# Diet fizzy drinks make you 60% MORE likely to get diabetes than regular versions



## DeusXM (Feb 8, 2013)

> Diet fizzy drinks can raise the risk of diabetes by 60 per cent, startling new research has revealed.
> 
> A study of more than 66,000 women found those who drank artificially sweetened drinks were more likely to develop the disease than those who indulged in regular, 'full fat' versions.



http://www.dailymail.co.uk/health/a...ORE-likely-diabetes-regular-fat-versions.html

What I found more interesting about this article was this statement:



> The paper noted previous research which had showed that aspartame - the most wisely used artificial sweetener - has a similar effect on blood glucose and insulin levels as the sucrose used in regular sweeteners.

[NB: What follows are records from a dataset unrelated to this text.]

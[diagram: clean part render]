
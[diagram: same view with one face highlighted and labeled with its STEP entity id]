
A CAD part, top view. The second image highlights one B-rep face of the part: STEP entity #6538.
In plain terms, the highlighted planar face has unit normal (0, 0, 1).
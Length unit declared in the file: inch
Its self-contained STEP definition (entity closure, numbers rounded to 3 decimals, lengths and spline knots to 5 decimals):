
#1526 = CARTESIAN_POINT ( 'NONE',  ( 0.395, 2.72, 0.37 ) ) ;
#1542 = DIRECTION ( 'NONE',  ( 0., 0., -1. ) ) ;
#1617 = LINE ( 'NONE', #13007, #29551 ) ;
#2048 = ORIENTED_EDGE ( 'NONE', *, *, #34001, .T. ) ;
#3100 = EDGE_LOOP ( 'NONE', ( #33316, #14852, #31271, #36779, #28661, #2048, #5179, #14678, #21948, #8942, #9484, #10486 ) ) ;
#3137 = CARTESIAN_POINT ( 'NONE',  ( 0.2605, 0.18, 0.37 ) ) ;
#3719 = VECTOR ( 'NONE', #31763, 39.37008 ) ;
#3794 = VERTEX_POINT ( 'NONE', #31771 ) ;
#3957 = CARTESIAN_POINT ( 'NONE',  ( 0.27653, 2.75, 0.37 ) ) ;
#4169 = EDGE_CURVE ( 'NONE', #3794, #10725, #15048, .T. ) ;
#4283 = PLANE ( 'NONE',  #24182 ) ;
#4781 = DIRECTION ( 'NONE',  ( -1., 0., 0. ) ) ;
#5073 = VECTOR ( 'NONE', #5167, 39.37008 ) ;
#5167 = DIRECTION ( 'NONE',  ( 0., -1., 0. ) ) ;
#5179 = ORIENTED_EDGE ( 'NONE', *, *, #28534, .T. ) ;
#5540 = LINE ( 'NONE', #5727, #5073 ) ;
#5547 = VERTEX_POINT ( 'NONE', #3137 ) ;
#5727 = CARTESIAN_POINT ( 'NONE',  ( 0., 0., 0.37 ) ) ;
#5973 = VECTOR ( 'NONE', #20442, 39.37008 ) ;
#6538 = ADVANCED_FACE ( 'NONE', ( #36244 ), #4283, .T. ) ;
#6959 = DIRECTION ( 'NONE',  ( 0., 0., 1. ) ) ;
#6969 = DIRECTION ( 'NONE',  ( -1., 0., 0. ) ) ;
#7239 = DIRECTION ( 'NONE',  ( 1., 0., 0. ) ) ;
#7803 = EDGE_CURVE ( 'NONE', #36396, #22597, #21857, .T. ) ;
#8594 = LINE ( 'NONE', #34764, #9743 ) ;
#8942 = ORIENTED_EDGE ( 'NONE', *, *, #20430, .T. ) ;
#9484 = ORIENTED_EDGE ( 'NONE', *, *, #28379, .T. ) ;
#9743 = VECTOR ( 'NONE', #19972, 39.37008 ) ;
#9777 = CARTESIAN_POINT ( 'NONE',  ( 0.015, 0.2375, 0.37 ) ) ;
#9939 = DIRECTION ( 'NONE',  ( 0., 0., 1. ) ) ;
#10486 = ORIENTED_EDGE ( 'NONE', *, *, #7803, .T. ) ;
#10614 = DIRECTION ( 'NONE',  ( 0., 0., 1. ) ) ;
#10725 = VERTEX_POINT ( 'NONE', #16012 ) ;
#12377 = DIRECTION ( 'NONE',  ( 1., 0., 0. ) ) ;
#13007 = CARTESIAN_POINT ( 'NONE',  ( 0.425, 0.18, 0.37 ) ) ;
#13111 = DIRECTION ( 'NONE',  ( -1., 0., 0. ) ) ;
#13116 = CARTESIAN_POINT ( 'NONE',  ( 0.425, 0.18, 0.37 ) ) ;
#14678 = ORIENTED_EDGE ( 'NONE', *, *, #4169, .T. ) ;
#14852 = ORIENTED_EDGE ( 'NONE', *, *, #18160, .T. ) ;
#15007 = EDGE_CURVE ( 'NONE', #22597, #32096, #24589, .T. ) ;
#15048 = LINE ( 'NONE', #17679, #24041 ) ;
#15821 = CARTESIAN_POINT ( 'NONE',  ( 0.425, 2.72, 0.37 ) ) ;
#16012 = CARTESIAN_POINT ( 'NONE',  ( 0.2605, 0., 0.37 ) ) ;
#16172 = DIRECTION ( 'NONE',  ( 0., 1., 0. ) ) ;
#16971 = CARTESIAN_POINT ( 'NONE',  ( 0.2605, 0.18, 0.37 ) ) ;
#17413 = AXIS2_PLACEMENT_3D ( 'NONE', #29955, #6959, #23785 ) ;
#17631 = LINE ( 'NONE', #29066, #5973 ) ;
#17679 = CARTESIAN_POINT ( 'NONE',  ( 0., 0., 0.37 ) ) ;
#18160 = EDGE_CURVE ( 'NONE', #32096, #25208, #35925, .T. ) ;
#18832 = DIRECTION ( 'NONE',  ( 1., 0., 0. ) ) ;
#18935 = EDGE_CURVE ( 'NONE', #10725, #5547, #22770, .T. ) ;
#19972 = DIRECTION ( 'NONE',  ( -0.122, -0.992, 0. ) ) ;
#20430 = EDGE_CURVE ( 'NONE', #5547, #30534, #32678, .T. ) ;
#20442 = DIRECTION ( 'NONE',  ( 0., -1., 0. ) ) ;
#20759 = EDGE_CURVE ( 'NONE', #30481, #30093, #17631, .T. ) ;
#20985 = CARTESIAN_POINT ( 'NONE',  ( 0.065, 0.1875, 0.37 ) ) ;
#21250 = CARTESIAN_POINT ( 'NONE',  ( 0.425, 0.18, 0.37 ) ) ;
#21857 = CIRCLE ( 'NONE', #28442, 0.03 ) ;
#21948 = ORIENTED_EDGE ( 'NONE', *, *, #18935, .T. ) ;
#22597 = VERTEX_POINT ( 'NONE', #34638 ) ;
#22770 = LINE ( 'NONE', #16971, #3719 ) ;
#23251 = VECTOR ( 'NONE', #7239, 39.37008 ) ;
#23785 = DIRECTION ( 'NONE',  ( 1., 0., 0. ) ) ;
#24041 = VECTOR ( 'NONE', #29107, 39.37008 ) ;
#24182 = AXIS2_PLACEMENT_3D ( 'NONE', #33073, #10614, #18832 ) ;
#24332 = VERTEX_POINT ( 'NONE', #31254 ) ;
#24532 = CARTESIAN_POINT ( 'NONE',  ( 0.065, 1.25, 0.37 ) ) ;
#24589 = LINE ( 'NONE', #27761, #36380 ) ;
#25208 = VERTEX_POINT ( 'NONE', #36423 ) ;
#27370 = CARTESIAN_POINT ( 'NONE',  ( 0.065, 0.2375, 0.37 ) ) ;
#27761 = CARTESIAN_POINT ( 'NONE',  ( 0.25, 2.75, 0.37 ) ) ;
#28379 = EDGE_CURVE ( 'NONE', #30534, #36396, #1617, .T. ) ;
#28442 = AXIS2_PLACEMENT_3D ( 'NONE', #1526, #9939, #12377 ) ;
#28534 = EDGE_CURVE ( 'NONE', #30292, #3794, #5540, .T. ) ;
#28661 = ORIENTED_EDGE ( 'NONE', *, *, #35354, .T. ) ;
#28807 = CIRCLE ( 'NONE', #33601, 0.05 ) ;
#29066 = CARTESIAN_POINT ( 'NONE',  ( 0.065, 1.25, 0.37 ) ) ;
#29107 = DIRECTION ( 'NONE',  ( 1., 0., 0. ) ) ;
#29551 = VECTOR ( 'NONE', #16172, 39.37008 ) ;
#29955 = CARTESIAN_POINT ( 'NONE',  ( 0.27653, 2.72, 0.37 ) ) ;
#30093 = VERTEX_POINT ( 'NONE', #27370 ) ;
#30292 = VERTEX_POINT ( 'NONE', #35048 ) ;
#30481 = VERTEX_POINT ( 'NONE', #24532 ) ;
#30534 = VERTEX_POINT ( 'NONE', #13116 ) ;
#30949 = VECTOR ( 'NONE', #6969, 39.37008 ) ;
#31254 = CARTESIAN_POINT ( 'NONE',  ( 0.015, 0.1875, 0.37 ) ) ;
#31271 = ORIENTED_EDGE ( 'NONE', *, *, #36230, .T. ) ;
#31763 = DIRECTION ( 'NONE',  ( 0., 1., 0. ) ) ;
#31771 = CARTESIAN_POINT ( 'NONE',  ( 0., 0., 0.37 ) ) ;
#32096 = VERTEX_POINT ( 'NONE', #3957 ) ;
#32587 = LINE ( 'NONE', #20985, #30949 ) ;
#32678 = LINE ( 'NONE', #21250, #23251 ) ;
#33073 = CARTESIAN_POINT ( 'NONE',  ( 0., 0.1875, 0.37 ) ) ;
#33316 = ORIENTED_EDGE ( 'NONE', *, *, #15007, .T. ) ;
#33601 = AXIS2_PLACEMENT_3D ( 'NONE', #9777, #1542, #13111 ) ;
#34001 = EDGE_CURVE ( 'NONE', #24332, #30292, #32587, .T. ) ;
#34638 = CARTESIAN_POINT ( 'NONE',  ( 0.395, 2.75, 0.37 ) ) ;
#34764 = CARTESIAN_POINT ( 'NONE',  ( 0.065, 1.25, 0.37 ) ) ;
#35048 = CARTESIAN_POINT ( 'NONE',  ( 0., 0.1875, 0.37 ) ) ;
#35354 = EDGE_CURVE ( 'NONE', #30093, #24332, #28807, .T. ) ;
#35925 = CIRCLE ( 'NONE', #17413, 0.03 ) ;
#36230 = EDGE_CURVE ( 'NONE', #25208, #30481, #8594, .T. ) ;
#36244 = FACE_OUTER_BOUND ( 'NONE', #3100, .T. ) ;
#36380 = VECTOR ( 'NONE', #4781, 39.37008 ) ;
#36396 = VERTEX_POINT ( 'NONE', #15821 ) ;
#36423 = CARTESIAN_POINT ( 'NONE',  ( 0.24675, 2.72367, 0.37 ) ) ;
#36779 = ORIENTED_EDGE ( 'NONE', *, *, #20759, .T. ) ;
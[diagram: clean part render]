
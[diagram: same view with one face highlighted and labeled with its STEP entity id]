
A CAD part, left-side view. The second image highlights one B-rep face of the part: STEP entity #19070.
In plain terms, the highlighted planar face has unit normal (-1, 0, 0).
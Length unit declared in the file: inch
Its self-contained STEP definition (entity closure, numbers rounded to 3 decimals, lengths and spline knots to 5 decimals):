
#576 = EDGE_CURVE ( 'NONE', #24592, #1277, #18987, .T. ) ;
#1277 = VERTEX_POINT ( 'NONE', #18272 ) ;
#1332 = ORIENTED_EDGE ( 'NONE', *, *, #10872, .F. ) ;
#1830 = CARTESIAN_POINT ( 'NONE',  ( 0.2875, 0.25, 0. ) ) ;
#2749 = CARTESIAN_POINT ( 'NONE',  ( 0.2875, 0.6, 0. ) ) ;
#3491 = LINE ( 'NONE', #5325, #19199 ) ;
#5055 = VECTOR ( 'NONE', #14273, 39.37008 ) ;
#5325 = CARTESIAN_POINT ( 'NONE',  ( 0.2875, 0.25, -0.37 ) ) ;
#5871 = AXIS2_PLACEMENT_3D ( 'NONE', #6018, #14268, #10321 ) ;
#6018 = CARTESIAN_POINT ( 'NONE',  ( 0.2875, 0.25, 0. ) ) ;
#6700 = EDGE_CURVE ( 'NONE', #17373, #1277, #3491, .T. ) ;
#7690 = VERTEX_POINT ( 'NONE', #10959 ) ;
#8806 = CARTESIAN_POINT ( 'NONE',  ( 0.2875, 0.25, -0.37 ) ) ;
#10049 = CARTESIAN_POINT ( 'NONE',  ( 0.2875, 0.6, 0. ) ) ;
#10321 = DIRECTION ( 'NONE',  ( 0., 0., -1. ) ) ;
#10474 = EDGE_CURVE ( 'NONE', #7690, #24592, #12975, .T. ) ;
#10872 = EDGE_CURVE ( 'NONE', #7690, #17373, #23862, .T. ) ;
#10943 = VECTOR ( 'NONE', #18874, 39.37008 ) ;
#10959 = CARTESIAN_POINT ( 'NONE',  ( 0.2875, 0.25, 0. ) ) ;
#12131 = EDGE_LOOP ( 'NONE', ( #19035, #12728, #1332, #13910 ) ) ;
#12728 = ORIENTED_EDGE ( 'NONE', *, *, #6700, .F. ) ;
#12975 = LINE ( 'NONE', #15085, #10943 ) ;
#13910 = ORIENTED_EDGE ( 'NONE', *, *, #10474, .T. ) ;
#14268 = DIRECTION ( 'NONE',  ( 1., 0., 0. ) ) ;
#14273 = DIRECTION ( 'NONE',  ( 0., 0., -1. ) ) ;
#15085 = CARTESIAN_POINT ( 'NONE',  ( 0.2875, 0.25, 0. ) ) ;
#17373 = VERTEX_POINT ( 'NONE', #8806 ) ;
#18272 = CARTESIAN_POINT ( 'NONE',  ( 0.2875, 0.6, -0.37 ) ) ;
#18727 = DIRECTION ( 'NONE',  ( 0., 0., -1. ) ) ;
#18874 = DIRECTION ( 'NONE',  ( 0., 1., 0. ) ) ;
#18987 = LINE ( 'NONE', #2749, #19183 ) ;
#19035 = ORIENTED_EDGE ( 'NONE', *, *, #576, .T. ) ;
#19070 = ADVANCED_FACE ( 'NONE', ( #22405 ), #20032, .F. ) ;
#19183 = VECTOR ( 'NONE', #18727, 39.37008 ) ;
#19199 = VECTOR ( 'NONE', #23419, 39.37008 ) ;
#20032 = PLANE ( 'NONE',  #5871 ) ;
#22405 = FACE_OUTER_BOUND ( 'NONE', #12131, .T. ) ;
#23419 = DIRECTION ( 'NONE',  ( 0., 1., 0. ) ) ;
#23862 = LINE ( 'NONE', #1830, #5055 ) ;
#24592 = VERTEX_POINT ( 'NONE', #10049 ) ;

Awesome! So now I can use diet Coke to treat hypos? Or does this mean that regular Coke won't affect my blood sugar? Please tell me because obviously I've been doing it wrong all these years.


----------



## AlisonM (Feb 8, 2013)

What a load of tosh! Did you see the part where they said they didn't considered the rest of the women's diet? They could be scarfing madeleines all day!


----------



## DeusXM (Feb 8, 2013)

Yeah, that's the other part that isn't dealt with. Are people who drink diet soft drinks less inclined to have comprehensively healthy lifestyles because they feel the 'diet' drink is enough (assuming T2 is caused by a poor lifestyle, which I'm not convinced is the case)? Or does aspartame indeed have repercussions on insulin resistance? Defintely a case for more research here - the latter idea has major implications for all of us.


----------



## Abi (Feb 8, 2013)

Damn!

I'll just have to swap my pepsi max for beer!


----------



## AlisonM (Feb 8, 2013)

I have a young pal who's a junk food fiend. Chips with everything, deep fried Mars bars, crisps, whole packets of Jammy Dodgers yet always has 'diet' drinks because her mum's T2 and she doesn't want to end up the same way. 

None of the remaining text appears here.